A teologia neotestamentária vai além da teologia judaica em vários aspectos, inclusive em sua reflexão sobre a corporalidade. O ponto vernal é a fé no mistério da Encarnação. Para o judaísmo Deus criou o corpo, para o cristianismo, o Deus que criou o corpo, se fez corpo. Segundo o evangelho “o Verbo se fez carne e habitou entre nós, e vimos a sua glória, como a glória do unigênito do Pai, cheio de graça e verdade” (Jo 1,14). A corporificação do Deus-Filho na história radicaliza a relação do cristão com a corporalidade. A Encarnação é fundamental para a redenção, ao tornar-se corpo, Deus se torna comum ao ser humano, e comunga com a humanidade; mas sua comunhão é salvífica na totalidade de tudo aquilo que abarca a integralidade da pessoa humana.

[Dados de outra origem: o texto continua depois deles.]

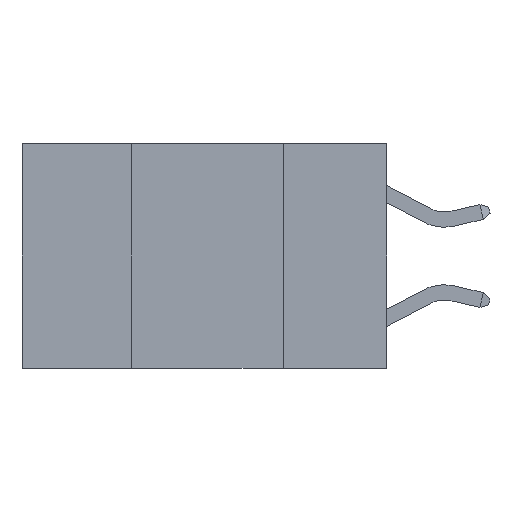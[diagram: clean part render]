
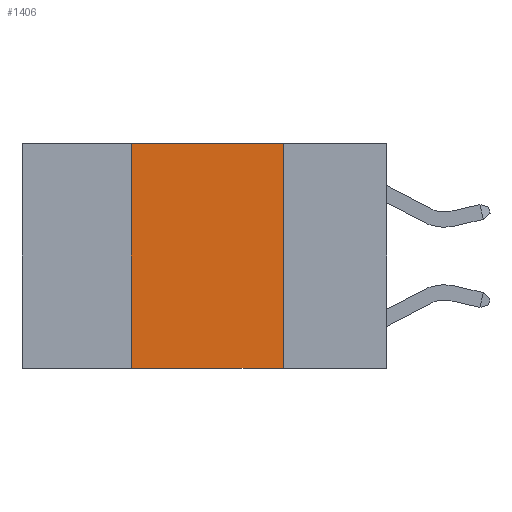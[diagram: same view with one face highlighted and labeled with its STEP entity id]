
A CAD part, left-side view. The second image highlights one B-rep face of the part: STEP entity #1406.
In plain terms, the highlighted planar face has unit normal (-1, 0, 0).
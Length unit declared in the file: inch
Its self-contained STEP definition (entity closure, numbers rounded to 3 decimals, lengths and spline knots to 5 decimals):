
#422 = CARTESIAN_POINT ( 'NONE',  ( 0., 0.17, -0.37 ) ) ;
#541 = CARTESIAN_POINT ( 'NONE',  ( 0., 0.42, 0. ) ) ;
#645 = EDGE_LOOP ( 'NONE', ( #876, #3999, #3759, #8231 ) ) ;
#876 = ORIENTED_EDGE ( 'NONE', *, *, #6649, .F. ) ;
#1003 = VECTOR ( 'NONE', #9554, 39.37008 ) ;
#1366 = VERTEX_POINT ( 'NONE', #422 ) ;
#1406 = ADVANCED_FACE ( 'NONE', ( #10324 ), #1807, .F. ) ;
#1429 = LINE ( 'NONE', #9593, #2559 ) ;
#1503 = DIRECTION ( 'NONE',  ( 0., -1., 0. ) ) ;
#1807 = PLANE ( 'NONE',  #7227 ) ;
#2501 = CARTESIAN_POINT ( 'NONE',  ( 0., 0.6, 0. ) ) ;
#2559 = VECTOR ( 'NONE', #1503, 39.37008 ) ;
#2626 = CARTESIAN_POINT ( 'NONE',  ( 0., 0.6, 0. ) ) ;
#3451 = CARTESIAN_POINT ( 'NONE',  ( 0., 0.42, -0.37 ) ) ;
#3759 = ORIENTED_EDGE ( 'NONE', *, *, #6231, .F. ) ;
#3999 = ORIENTED_EDGE ( 'NONE', *, *, #9358, .F. ) ;
#4296 = DIRECTION ( 'NONE',  ( 1., 0., 0. ) ) ;
#4350 = DIRECTION ( 'NONE',  ( 0., 0., -1. ) ) ;
#5062 = LINE ( 'NONE', #2501, #9213 ) ;
#5080 = LINE ( 'NONE', #8820, #1003 ) ;
#6231 = EDGE_CURVE ( 'NONE', #8112, #7766, #8963, .T. ) ;
#6317 = EDGE_CURVE ( 'NONE', #8112, #1366, #1429, .T. ) ;
#6627 = CARTESIAN_POINT ( 'NONE',  ( 0., 0.42, 0. ) ) ;
#6649 = EDGE_CURVE ( 'NONE', #9261, #1366, #5080, .T. ) ;
#6794 = VECTOR ( 'NONE', #9495, 39.37008 ) ;
#7227 = AXIS2_PLACEMENT_3D ( 'NONE', #2626, #4296, #4350 ) ;
#7381 = CARTESIAN_POINT ( 'NONE',  ( 0., 0.17, 0. ) ) ;
#7481 = DIRECTION ( 'NONE',  ( 0., -1., 0. ) ) ;
#7766 = VERTEX_POINT ( 'NONE', #6627 ) ;
#8112 = VERTEX_POINT ( 'NONE', #3451 ) ;
#8231 = ORIENTED_EDGE ( 'NONE', *, *, #6317, .T. ) ;
#8820 = CARTESIAN_POINT ( 'NONE',  ( 0., 0.17, 0. ) ) ;
#8963 = LINE ( 'NONE', #541, #6794 ) ;
#9213 = VECTOR ( 'NONE', #7481, 39.37008 ) ;
#9261 = VERTEX_POINT ( 'NONE', #7381 ) ;
#9358 = EDGE_CURVE ( 'NONE', #7766, #9261, #5062, .T. ) ;
#9495 = DIRECTION ( 'NONE',  ( 0., 0., 1. ) ) ;
#9554 = DIRECTION ( 'NONE',  ( 0., 0., -1. ) ) ;
#9593 = CARTESIAN_POINT ( 'NONE',  ( 0., 0.6, -0.37 ) ) ;
#10324 = FACE_OUTER_BOUND ( 'NONE', #645, .T. ) ;

Há um paradoxo posto pelo cristianismo. A espiritualidade não está na superação da corporalidade, mas se dá na corporalidade. Contra o platonismo ortodoxo ou o gnosticismo situado no tempo do surgimento da comunidade de Jesus Cristo, a libertação não ocorre na transposição do corpo, mas exatamente no corpo. Contra a fuga do corpo, suposto caminho da redenção no platonismo, o cristianismo anuncia a entrada de Deus no corpo; portanto, a corporalidade humana foi território onde Deus esteve encarnado; o corpo então, é localização onde habita o divino, ponto de irrupção da redenção, porque Jesus Cristo foi ressuscitado, seu corpo foi glorificado. Todo diabolismo em relação ao corpo é, portanto, rechaçado.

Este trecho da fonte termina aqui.